Activity: The first line of the entries and each line after it, through the one that contains "#31=EDGE_CURVE('E269',#30,#30,#28,.T.);", are to be duplicated exactly; no picture belongs in the copy.

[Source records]
****************************************

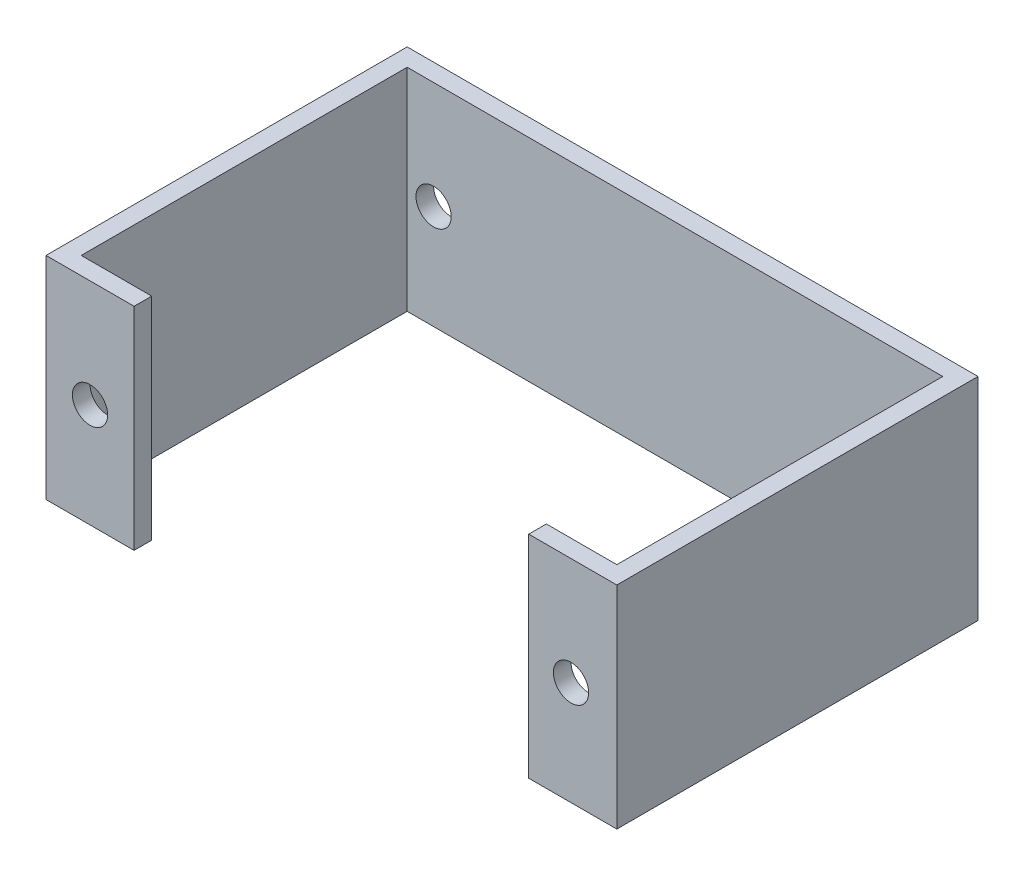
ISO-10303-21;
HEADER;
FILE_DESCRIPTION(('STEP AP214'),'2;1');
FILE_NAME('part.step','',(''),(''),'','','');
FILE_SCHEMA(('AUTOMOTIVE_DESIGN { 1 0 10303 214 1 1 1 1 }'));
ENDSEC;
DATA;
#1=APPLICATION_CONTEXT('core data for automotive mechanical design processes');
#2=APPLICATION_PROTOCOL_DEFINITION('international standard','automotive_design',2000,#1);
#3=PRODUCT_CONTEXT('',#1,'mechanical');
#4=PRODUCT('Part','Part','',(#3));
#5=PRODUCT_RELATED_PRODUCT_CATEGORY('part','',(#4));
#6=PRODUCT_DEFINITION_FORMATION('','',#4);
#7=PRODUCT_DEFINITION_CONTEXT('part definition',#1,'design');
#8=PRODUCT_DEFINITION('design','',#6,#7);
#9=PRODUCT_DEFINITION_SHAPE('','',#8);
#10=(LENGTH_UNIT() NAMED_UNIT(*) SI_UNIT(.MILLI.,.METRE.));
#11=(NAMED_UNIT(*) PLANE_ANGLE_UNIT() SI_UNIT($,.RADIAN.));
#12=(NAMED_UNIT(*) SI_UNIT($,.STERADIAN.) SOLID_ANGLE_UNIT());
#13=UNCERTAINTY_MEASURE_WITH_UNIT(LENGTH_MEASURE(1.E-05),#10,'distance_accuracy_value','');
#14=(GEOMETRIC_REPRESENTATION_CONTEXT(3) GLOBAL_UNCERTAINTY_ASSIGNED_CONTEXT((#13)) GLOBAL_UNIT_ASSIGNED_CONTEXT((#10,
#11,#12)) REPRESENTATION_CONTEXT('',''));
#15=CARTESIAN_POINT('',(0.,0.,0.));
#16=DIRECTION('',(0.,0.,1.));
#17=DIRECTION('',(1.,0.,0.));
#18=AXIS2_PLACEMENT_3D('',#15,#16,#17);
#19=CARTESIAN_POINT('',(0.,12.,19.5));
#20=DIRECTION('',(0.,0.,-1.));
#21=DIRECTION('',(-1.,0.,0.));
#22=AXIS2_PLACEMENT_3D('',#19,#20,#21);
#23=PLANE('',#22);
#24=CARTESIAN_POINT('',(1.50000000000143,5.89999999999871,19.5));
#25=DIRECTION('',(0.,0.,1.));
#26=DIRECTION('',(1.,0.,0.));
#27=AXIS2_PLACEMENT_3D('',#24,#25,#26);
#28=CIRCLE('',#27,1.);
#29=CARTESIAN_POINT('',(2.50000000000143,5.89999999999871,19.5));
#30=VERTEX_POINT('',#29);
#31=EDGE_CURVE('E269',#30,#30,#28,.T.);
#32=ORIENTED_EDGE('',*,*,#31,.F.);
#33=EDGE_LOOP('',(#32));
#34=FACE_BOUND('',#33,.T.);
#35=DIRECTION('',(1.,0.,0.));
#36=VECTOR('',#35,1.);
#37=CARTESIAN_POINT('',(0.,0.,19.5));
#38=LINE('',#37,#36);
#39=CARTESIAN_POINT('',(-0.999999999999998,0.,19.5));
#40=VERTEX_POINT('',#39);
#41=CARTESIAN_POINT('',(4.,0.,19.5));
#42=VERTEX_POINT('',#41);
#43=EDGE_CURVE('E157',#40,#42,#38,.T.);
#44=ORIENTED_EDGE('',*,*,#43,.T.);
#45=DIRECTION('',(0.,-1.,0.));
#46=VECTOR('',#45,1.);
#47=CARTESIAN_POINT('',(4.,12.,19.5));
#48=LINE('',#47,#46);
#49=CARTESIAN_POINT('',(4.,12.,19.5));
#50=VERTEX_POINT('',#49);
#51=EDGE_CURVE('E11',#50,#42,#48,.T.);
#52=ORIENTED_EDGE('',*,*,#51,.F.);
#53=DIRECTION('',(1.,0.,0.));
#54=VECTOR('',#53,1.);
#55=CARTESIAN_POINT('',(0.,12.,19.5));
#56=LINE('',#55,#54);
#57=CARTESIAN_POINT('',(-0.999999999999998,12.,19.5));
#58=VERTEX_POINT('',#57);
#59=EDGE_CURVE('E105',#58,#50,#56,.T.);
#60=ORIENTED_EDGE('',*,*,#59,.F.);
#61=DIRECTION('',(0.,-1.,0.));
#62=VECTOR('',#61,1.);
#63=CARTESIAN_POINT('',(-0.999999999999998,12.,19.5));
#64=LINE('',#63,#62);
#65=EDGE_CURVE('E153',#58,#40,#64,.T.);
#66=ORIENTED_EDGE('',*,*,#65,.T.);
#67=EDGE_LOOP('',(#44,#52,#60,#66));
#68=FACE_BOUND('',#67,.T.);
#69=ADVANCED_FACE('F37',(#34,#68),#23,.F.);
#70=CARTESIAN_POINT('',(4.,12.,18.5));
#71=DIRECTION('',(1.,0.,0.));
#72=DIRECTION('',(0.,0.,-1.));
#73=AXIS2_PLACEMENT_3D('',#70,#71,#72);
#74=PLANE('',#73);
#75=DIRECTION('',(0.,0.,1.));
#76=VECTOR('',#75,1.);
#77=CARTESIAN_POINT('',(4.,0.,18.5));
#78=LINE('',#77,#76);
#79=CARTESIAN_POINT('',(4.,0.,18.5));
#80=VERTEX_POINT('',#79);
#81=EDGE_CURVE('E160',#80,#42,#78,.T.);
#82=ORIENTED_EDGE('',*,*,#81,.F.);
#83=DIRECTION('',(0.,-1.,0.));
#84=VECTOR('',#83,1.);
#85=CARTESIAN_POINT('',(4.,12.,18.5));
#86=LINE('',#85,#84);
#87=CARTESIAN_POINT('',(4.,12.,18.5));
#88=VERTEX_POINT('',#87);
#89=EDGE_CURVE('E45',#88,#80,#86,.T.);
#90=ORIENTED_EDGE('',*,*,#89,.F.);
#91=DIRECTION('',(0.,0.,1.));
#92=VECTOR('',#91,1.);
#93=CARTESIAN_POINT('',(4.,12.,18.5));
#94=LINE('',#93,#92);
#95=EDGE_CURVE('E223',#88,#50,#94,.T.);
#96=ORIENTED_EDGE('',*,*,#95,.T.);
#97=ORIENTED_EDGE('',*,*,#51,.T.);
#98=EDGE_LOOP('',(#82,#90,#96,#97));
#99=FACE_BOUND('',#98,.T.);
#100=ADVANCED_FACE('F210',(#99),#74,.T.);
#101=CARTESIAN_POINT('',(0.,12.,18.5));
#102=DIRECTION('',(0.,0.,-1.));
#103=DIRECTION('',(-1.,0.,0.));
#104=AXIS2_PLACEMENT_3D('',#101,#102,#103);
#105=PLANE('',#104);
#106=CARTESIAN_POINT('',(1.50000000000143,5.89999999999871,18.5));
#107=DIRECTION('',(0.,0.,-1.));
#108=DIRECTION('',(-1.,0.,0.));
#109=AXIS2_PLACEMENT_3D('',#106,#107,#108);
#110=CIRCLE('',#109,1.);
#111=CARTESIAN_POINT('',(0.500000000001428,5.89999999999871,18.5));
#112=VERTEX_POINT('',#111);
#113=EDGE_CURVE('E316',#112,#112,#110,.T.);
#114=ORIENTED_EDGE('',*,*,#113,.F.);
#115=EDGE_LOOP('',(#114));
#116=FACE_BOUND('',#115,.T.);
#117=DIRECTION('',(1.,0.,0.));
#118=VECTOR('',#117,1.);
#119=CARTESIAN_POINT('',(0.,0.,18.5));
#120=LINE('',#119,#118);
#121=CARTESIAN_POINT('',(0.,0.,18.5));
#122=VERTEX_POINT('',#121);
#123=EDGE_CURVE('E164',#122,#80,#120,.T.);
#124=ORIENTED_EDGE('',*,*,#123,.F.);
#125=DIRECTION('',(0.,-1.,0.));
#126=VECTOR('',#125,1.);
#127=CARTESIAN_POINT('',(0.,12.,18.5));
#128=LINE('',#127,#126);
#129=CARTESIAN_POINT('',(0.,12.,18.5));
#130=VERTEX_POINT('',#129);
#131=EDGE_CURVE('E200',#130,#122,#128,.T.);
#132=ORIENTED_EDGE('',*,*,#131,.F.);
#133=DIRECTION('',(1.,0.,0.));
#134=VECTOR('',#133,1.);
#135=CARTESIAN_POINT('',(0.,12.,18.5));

****************************************

Output:
ISO-10303-21;
HEADER;
FILE_DESCRIPTION(('STEP AP214'),'2;1');
FILE_NAME('part.step','',(''),(''),'','','');
FILE_SCHEMA(('AUTOMOTIVE_DESIGN { 1 0 10303 214 1 1 1 1 }'));
ENDSEC;
DATA;
#1=APPLICATION_CONTEXT('core data for automotive mechanical design processes');
#2=APPLICATION_PROTOCOL_DEFINITION('international standard','automotive_design',2000,#1);
#3=PRODUCT_CONTEXT('',#1,'mechanical');
#4=PRODUCT('Part','Part','',(#3));
#5=PRODUCT_RELATED_PRODUCT_CATEGORY('part','',(#4));
#6=PRODUCT_DEFINITION_FORMATION('','',#4);
#7=PRODUCT_DEFINITION_CONTEXT('part definition',#1,'design');
#8=PRODUCT_DEFINITION('design','',#6,#7);
#9=PRODUCT_DEFINITION_SHAPE('','',#8);
#10=(LENGTH_UNIT() NAMED_UNIT(*) SI_UNIT(.MILLI.,.METRE.));
#11=(NAMED_UNIT(*) PLANE_ANGLE_UNIT() SI_UNIT($,.RADIAN.));
#12=(NAMED_UNIT(*) SI_UNIT($,.STERADIAN.) SOLID_ANGLE_UNIT());
#13=UNCERTAINTY_MEASURE_WITH_UNIT(LENGTH_MEASURE(1.E-05),#10,'distance_accuracy_value','');
#14=(GEOMETRIC_REPRESENTATION_CONTEXT(3) GLOBAL_UNCERTAINTY_ASSIGNED_CONTEXT((#13)) GLOBAL_UNIT_ASSIGNED_CONTEXT((#10,
#11,#12)) REPRESENTATION_CONTEXT('',''));
#15=CARTESIAN_POINT('',(0.,0.,0.));
#16=DIRECTION('',(0.,0.,1.));
#17=DIRECTION('',(1.,0.,0.));
#18=AXIS2_PLACEMENT_3D('',#15,#16,#17);
#19=CARTESIAN_POINT('',(0.,12.,19.5));
#20=DIRECTION('',(0.,0.,-1.));
#21=DIRECTION('',(-1.,0.,0.));
#22=AXIS2_PLACEMENT_3D('',#19,#20,#21);
#23=PLANE('',#22);
#24=CARTESIAN_POINT('',(1.50000000000143,5.89999999999871,19.5));
#25=DIRECTION('',(0.,0.,1.));
#26=DIRECTION('',(1.,0.,0.));
#27=AXIS2_PLACEMENT_3D('',#24,#25,#26);
#28=CIRCLE('',#27,1.);
#29=CARTESIAN_POINT('',(2.50000000000143,5.89999999999871,19.5));
#30=VERTEX_POINT('',#29);
#31=EDGE_CURVE('E269',#30,#30,#28,.T.);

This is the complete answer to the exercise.